I used filtered, rather than distilled water for CP soap.  So I would have no problem filtering my rain water.  If I had any rain water to filter that is.


----------



## SubLowe (May 19, 2012)

green soap said:
			
		

> I used filtered, rather than distilled water for CP soap.  So I would have no problem filtering my rain water.  If I had any rain water to filter that is.



haha yea i just moved from Socal to NC in January ( missing socal  ... ) so i know what you mean haha. how would i go about filtering it?


----------



## green soap (May 19, 2012)

I have one of those brita filters.  Would't that work?  Is it really dirty?  If so, pre-filter with coffee filter?


----------



## busybee (May 20, 2012)

Why would rain water be dirty?  Surely if you put out a clean container the water collected would have to be one of the purest waters available.  I can remember my parents collecting rain water for the car radiator & battery and my mothers new steam iron because of its purity.


----------



## Bubbles Galore (May 20, 2012)

I drank un-purified rain water for years so I'd certainly make soap with it.  :wink:


----------



## SubLowe (May 20, 2012)

Bubbles Galore said:
			
		

> I drank un-purified rain water for years so I'd certainly make soap with it.  :wink:



k i think i will try making it with our rain water. maybe ill just run it through coffee filter.


----------



## fiddletree (May 20, 2012)

No, coffee filter isn't the same thing.  Water filters, like those Brita makes, can filter out a lot more than a coffee filter, which just separates out big stuff from the water, small icky stuff can still get through. 

if I remember correctly from the 25 years or so that I lived in NC, there are some problems with acid rain, and depending on where you are, there can be some significant pollution that floats over from Charlotte, Winston, and other cities.  I don't know that I would use rainwater there, personally.


----------



## SubLowe (May 20, 2012)

fiddletree said:
			
		

> No, coffee filter isn't the same thing.  Water filters, like those Brita makes, can filter out a lot more than a coffee filter, which just separates out big stuff from the water, small icky stuff can still get through.
> 
> I remember correctly from the 25 years or so that I lived in NC, there are some problems with acid rain, and depending on where you are, there can be some significant pollution that floats over from Charlotte, Winston, and other cities.  I don't know that I would use rainwater there, personally.



ive only lived here 4 months. so thanx for letting me know about acid rain. i dont know much about NC at all.  ill check the ppm and ph of our rain water. i really wanted to use rainwater, but i dont want to ruin the soap or anything. maybe ill just get distilled water then. 
thanx


----------



## Woodi (May 20, 2012)

This is a very good question!

We like to assume that rain is pure, don't we? (and I suppose long ago, not sure how long....it was!)

One way to find out how pure it is would be to take a sample (in a purified container of course) to your local government water purification place, and have them test it for you....do you have one nearby?

Because we live on a well, we need to have our water tested frequently, so there is a nearby testing place, government operated.
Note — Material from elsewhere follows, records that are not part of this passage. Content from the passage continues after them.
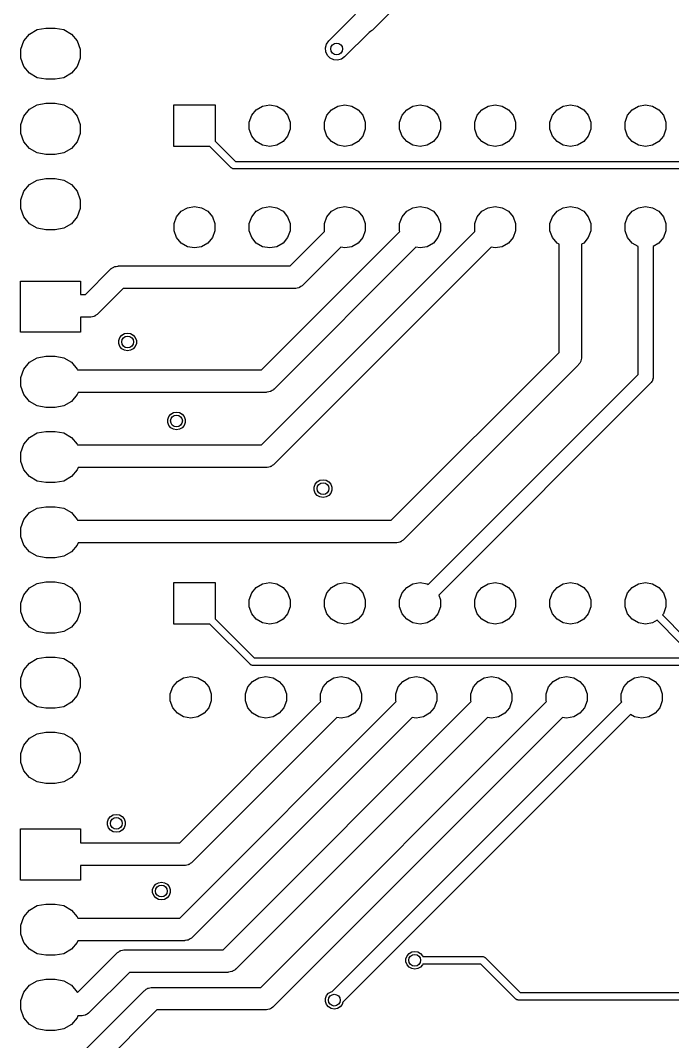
# Model space of a CAD drawing. Extents: x 10 to 287, y -200 to -10.
# Drawn here: x 82.48 to 104.52, y -89.92 to -55.44 of the extents above; entities that cross this region are included whole.
import ezdxf

# ---------------------------------------------------------------- set-up
doc = ezdxf.new("R2010")
doc.units = 0
doc.header["$MEASUREMENT"] = 0
doc.layers.add('BLACK', color=7, linetype='CONTINUOUS')

msp = doc.modelspace()

# ---------------------------------------------------------------- linework, layer by layer
at = {"layer": 'Black'}
for p, q in [((103.258, -46.8873), (94.3764, -55.7684)), ((92.9006, -56.1306), (93.8016, -55.2296)), ((82.7886, -55.8984), (83.0483, -55.7485)), ((83.0483, -55.7485), (83.3437, -55.6964)), ((83.3437, -55.6964), (83.6563, -55.6964)), ((83.6563, -55.6964), (83.9517, -55.7485)), ((83.9517, -55.7485), (84.2114, -55.8984)), ((94.2632, -55.8456), (93.4394, -56.6694)), ((94.268, -55.8443), (94.2632, -55.8456)), ((94.3088, -55.8158), (94.268, -55.8443)), ((94.3519, -55.7909), (94.3088, -55.8158)), ((94.3627, -55.778), (94.3519, -55.7909)), ((94.3764, -55.7684), (94.3627, -55.778)), ((82.4932, -56.41), (82.5958, -56.1282)), ((82.5958, -56.1282), (82.7886, -55.8984)), ((84.2114, -55.8984), (84.4042, -56.1282)), ((84.4042, -56.1282), (84.5068, -56.41)), ((92.8247, -56.239), (92.9006, -56.1306)), ((82.4932, -56.71), (82.4932, -56.41)), ((84.5068, -56.41), (84.5068, -56.71)), ((92.7904, -56.3668), (92.8247, -56.239)), ((92.802, -56.4986), (92.7904, -56.3668)), ((92.8579, -56.6185), (92.802, -56.4986)), ((82.5958, -56.9918), (82.4932, -56.71)), ((84.5068, -56.71), (84.4042, -56.9918)), ((92.9515, -56.7121), (92.8579, -56.6185)), ((93.0714, -56.768), (92.9515, -56.7121)), ((93.2032, -56.7796), (93.0714, -56.768)), ((93.331, -56.7453), (93.2032, -56.7796)), ((93.4394, -56.6694), (93.331, -56.7453)), ((82.7886, -57.2216), (82.5958, -56.9918)), ((83.0483, -57.3715), (82.7886, -57.2216)), ((84.2114, -57.2216), (83.9517, -57.3715)), ((84.4042, -56.9918), (84.2114, -57.2216)), ((83.3437, -57.4236), (83.0483, -57.3715)), ((83.6563, -57.4236), (83.3437, -57.4236)), ((83.9517, -57.3715), (83.6563, -57.4236)), ((83.0483, -58.2885), (83.3437, -58.2364)), ((83.3437, -58.2364), (83.6563, -58.2364)), ((83.6563, -58.2364), (83.9517, -58.2885)), ((82.5958, -58.6682), (82.7886, -58.4384)), ((82.7886, -58.4384), (83.0483, -58.2885)), ((83.9517, -58.2885), (84.2114, -58.4384)), ((84.2114, -58.4384), (84.4042, -58.6682)), ((87.6681, -59.69), (87.6681, -58.293)), ((87.6681, -58.293), (89.0651, -58.293)), ((89.0651, -58.293), (89.0651, -59.5104)), ((90.2994, -58.6409), (90.4559, -58.4544)), ((90.4559, -58.4544), (90.6668, -58.3326)), ((90.6668, -58.3326), (90.9066, -58.2903)), ((90.9066, -58.2903), (91.1464, -58.3326)), ((91.1464, -58.3326), (91.3573, -58.4544)), ((91.3573, -58.4544), (91.5138, -58.6409)), ((92.8394, -58.6409), (92.9959, -58.4544)), ((92.9959, -58.4544), (93.2068, -58.3326)), ((93.2068, -58.3326), (93.4466, -58.2903)), ((93.4466, -58.2903), (93.6864, -58.3326)), ((93.6864, -58.3326), (93.8973, -58.4544)), ((93.8973, -58.4544), (94.0538, -58.6409)), ((95.3794, -58.6409), (95.5359, -58.4544)), ((95.5359, -58.4544), (95.7468, -58.3326)), ((95.7468, -58.3326), (95.9866, -58.2903)), ((95.9866, -58.2903), (96.2264, -58.3326)), ((96.2264, -58.3326), (96.4373, -58.4544)), ((96.4373, -58.4544), (96.5938, -58.6409)), ((97.9194, -58.6409), (98.0759, -58.4544)), ((98.0759, -58.4544), (98.2868, -58.3326)), ((98.2868, -58.3326), (98.5266, -58.2903)), ((98.5266, -58.2903), (98.7664, -58.3326)), ((98.7664, -58.3326), (98.9773, -58.4544)), ((98.9773, -58.4544), (99.1338, -58.6409)), ((100.459, -58.6409), (100.616, -58.4544)), ((100.616, -58.4544), (100.827, -58.3326)), ((100.827, -58.3326), (101.067, -58.2903)), ((101.067, -58.2903), (101.306, -58.3326)), ((101.306, -58.3326), (101.517, -58.4544)), ((101.517, -58.4544), (101.674, -58.6409)), ((102.999, -58.6409), (103.156, -58.4544)), ((103.156, -58.4544), (103.367, -58.3326)), ((103.367, -58.3326), (103.607, -58.2903)), ((103.607, -58.2903), (103.846, -58.3326)), ((103.846, -58.3326), (104.057, -58.4544)), ((104.057, -58.4544), (104.214, -58.6409)), ((82.4932, -58.95), (82.5958, -58.6682)), ((82.4932, -59.25), (82.4932, -58.95)), ((84.4042, -58.6682), (84.5068, -58.95)), ((84.5068, -58.95), (84.5068, -59.25)), ((90.2161, -58.8697), (90.2994, -58.6409)), ((90.2161, -59.1133), (90.2161, -58.8697)), ((91.5138, -58.6409), (91.5971, -58.8697)), ((91.5971, -58.8697), (91.5971, -59.1133)), ((92.7561, -58.8697), (92.8394, -58.6409)), ((92.7561, -59.1133), (92.7561, -58.8697)), ((94.0538, -58.6409), (94.1371, -58.8697)), ((94.1371, -58.8697), (94.1371, -59.1133)), ((95.2961, -58.8697), (95.3794, -58.6409)), ((95.2961, -59.1133), (95.2961, -58.8697)), ((96.5938, -58.6409), (96.6771, -58.8697)), ((96.6771, -58.8697), (96.6771, -59.1133)), ((97.8361, -58.8697), (97.9194, -58.6409)), ((97.8361, -59.1133), (97.8361, -58.8697)), ((99.1338, -58.6409), (99.2171, -58.8697)), ((99.2171, -58.8697), (99.2171, -59.1133)), ((100.376, -58.8697), (100.459, -58.6409)), ((100.376, -59.1133), (100.376, -58.8697)), ((101.674, -58.6409), (101.757, -58.8697)), ((101.757, -58.8697), (101.757, -59.1133)), ((102.916, -58.8697), (102.999, -58.6409)), ((102.916, -59.1133), (102.916, -58.8697)), ((104.214, -58.6409), (104.297, -58.8697)), ((104.297, -58.8697), (104.297, -59.1133)), ((82.5958, -59.5318), (82.4932, -59.25)), ((84.5068, -59.25), (84.4042, -59.5318)), ((90.2994, -59.3421), (90.2161, -59.1133)), ((91.5971, -59.1133), (91.5138, -59.3421)), ((92.8394, -59.3421), (92.7561, -59.1133)), ((94.1371, -59.1133), (94.0538, -59.3421)), ((95.3794, -59.3421), (95.2961, -59.1133)), ((96.6771, -59.1133), (96.5938, -59.3421)), ((97.9194, -59.3421), (97.8361, -59.1133)), ((99.2171, -59.1133), (99.1338, -59.3421)), ((100.459, -59.3421), (100.376, -59.1133)), ((101.757, -59.1133), (101.674, -59.3421)), ((102.999, -59.3421), (102.916, -59.1133)), ((104.297, -59.1133), (104.214, -59.3421)), ((82.7886, -59.7616), (82.5958, -59.5318)), ((84.4042, -59.5318), (84.2114, -59.7616)), ((89.0651, -59.5104), (89.7527, -60.198)), ((90.4559, -59.5286), (90.2994, -59.3421)), ((90.6668, -59.6504), (90.4559, -59.5286)), ((90.9066, -59.6927), (90.6668, -59.6504)), ((91.1464, -59.6504), (90.9066, -59.6927)), ((91.3573, -59.5286), (91.1464, -59.6504)), ((91.5138, -59.3421), (91.3573, -59.5286)), ((92.9959, -59.5286), (92.8394, -59.3421)), ((93.2068, -59.6504), (92.9959, -59.5286)), ((93.4466, -59.6927), (93.2068, -59.6504)), ((93.6864, -59.6504), (93.4466, -59.6927)), ((93.8973, -59.5286), (93.6864, -59.6504)), ((94.0538, -59.3421), (93.8973, -59.5286)), ((95.5359, -59.5286), (95.3794, -59.3421)), ((95.7468, -59.6504), (95.5359, -59.5286)), ((95.9866, -59.6927), (95.7468, -59.6504)), ((96.2264, -59.6504), (95.9866, -59.6927)), ((96.4373, -59.5286), (96.2264, -59.6504)), ((96.5938, -59.3421), (96.4373, -59.5286)), ((98.0759, -59.5286), (97.9194, -59.3421)), ((98.2868, -59.6504), (98.0759, -59.5286)), ((98.5266, -59.6927), (98.2868, -59.6504)), ((98.7664, -59.6504), (98.5266, -59.6927)), ((98.9773, -59.5286), (98.7664, -59.6504)), ((99.1338, -59.3421), (98.9773, -59.5286)), ((100.616, -59.5286), (100.459, -59.3421)), ((100.827, -59.6504), (100.616, -59.5286)), ((101.067, -59.6927), (100.827, -59.6504)), ((101.306, -59.6504), (101.067, -59.6927)), ((101.517, -59.5286), (101.306, -59.6504)), ((101.674, -59.3421), (101.517, -59.5286)), ((103.156, -59.5286), (102.999, -59.3421)), ((103.367, -59.6504), (103.156, -59.5286)), ((103.607, -59.6927), (103.367, -59.6504)), ((103.846, -59.6504), (103.607, -59.6927)), ((104.057, -59.5286), (103.846, -59.6504)), ((104.214, -59.3421), (104.057, -59.5286)), ((83.0483, -59.9115), (82.7886, -59.7616)), ((83.3437, -59.9636), (83.0483, -59.9115)), ((83.6563, -59.9636), (83.3437, -59.9636)), ((83.9517, -59.9115), (83.6563, -59.9636)), ((84.2114, -59.7616), (83.9517, -59.9115)), ((88.8855, -59.69), (87.6681, -59.69)), ((89.6103, -60.4148), (88.8855, -59.69)), ((89.7527, -60.198), (107.315, -60.198)), ((89.6149, -60.418), (89.6103, -60.4148)), ((89.6185, -60.4223), (89.6149, -60.418)), ((89.6328, -60.4306), (89.6185, -60.4223)), ((89.6464, -60.4401), (89.6328, -60.4306)), ((89.6518, -60.4415), (89.6464, -60.4401)), ((89.6567, -60.4443), (89.6518, -60.4415)), ((89.673, -60.4472), (89.6567, -60.4443)), ((89.689, -60.4515), (89.673, -60.4472)), ((89.6946, -60.451), (89.689, -60.4515)), ((89.7001, -60.452), (89.6946, -60.451)), ((107.262, -60.452), (89.7001, -60.452)), ((82.5958, -61.2082), (82.7886, -60.9784)), ((82.7886, -60.9784), (83.0483, -60.8285)), ((83.0483, -60.8285), (83.3437, -60.7764)), ((83.3437, -60.7764), (83.6563, -60.7764)), ((83.6563, -60.7764), (83.9517, -60.8285)), ((83.9517, -60.8285), (84.2114, -60.9784)), ((84.2114, -60.9784), (84.4042, -61.2082)), ((82.4932, -61.49), (82.5958, -61.2082)), ((84.4042, -61.2082), (84.5068, -61.49)), ((82.4932, -61.79), (82.4932, -61.49)), ((84.5068, -61.49), (84.5068, -61.79)), ((88.1268, -61.7616), (88.3666, -61.7193)), ((88.3666, -61.7193), (88.6064, -61.7616)), ((90.6668, -61.7616), (90.9066, -61.7193)), ((90.9066, -61.7193), (91.1464, -61.7616)), ((93.2068, -61.7616), (93.4466, -61.7193)), ((93.4466, -61.7193), (93.6864, -61.7616)), ((95.7468, -61.7616), (95.9866, -61.7193)), ((95.9866, -61.7193), (96.2264, -61.7616)), ((98.2868, -61.7616), (98.5266, -61.7193)), ((98.5266, -61.7193), (98.7664, -61.7616)), ((100.827, -61.7616), (101.067, -61.7193)), ((101.067, -61.7193), (101.306, -61.7616)), ((103.367, -61.7616), (103.607, -61.7193)), ((103.607, -61.7193), (103.846, -61.7616)), ((82.5958, -62.0718), (82.4932, -61.79)), ((84.5068, -61.79), (84.4042, -62.0718)), ((87.7594, -62.0699), (87.9159, -61.8834)), ((87.9159, -61.8834), (88.1268, -61.7616)), ((88.6064, -61.7616), (88.8173, -61.8834)), ((88.8173, -61.8834), (88.9738, -62.0699)), ((90.2994, -62.0699), (90.4559, -61.8834)), ((90.4559, -61.8834), (90.6668, -61.7616)), ((91.1464, -61.7616), (91.3573, -61.8834)), ((91.3573, -61.8834), (91.5138, -62.0699)), ((92.8394, -62.0699), (92.9959, -61.8834)), ((92.9959, -61.8834), (93.2068, -61.7616)), ((93.6864, -61.7616), (93.8973, -61.8834)), ((93.8973, -61.8834), (94.0538, -62.0699)), ((95.3794, -62.0699), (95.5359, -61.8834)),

Each time I bring in a sample for testing they give me a clean bottle for next testing.

I don't do this anymore, because we have a home water-purification system consisting of two tanks of potassium salt crystals, and also a UV filter. Well-water out here is not to be trusted....is it anywhere? another good question!!!


----------



## SubLowe (May 20, 2012)

Woodi said:
			
		

> This is a very good question!
> 
> We like to assume that rain is pure, don't we? (and I suppose long ago, not sure how long....it was!)
> 
> ...



very true. after posting this it got me thinking how we are surrounded by all these non organic believeing or practicing farms and how they spray everything and im sure theres some kind of a run off which is polluting our local rain water. so maybe i will just use distilled water.  
would spring water or water bottle water work if there is no distilled water available?


----------



## VanessaP (May 20, 2012)

Most grocery stores sell gallon jugs of distilled water. Walmart carries it and I think it was 85 cents for 1 gallon, probably a little less than that. I've made about 12 pounds of soap total with this new gallon and actually threw out one measurement of water because I ended up not soaping then, and I still have about half a gallon left from that gallon. It will go a long way, especially if you're doing smaller batches.


----------



## serfmunke (May 20, 2012)

I live near Philly and use rainwater unfiltered and it is fine. I do keep it in the fridge or freezer if it is going to be a while before I use it.


----------



## sudbubblez (May 20, 2012)

Back in the day, like of our grandparents and great grandparents, rainwater would have been perfectly fine.  My grandmother used to say, when she was a kid, they would pick up snow on the ground and cover it with maple that came out of the trees and eat it.  You can't do that today because of pollution.  The pollution isn't bad enough that it would make you obviously sick the first time you drank it, but over time, those pollutants are building up in your system... it could cause a mystery sickness or do things to the body that arent so obvious.  Rainwater for soapmaking, fine.. but I wouldn't be drinking it.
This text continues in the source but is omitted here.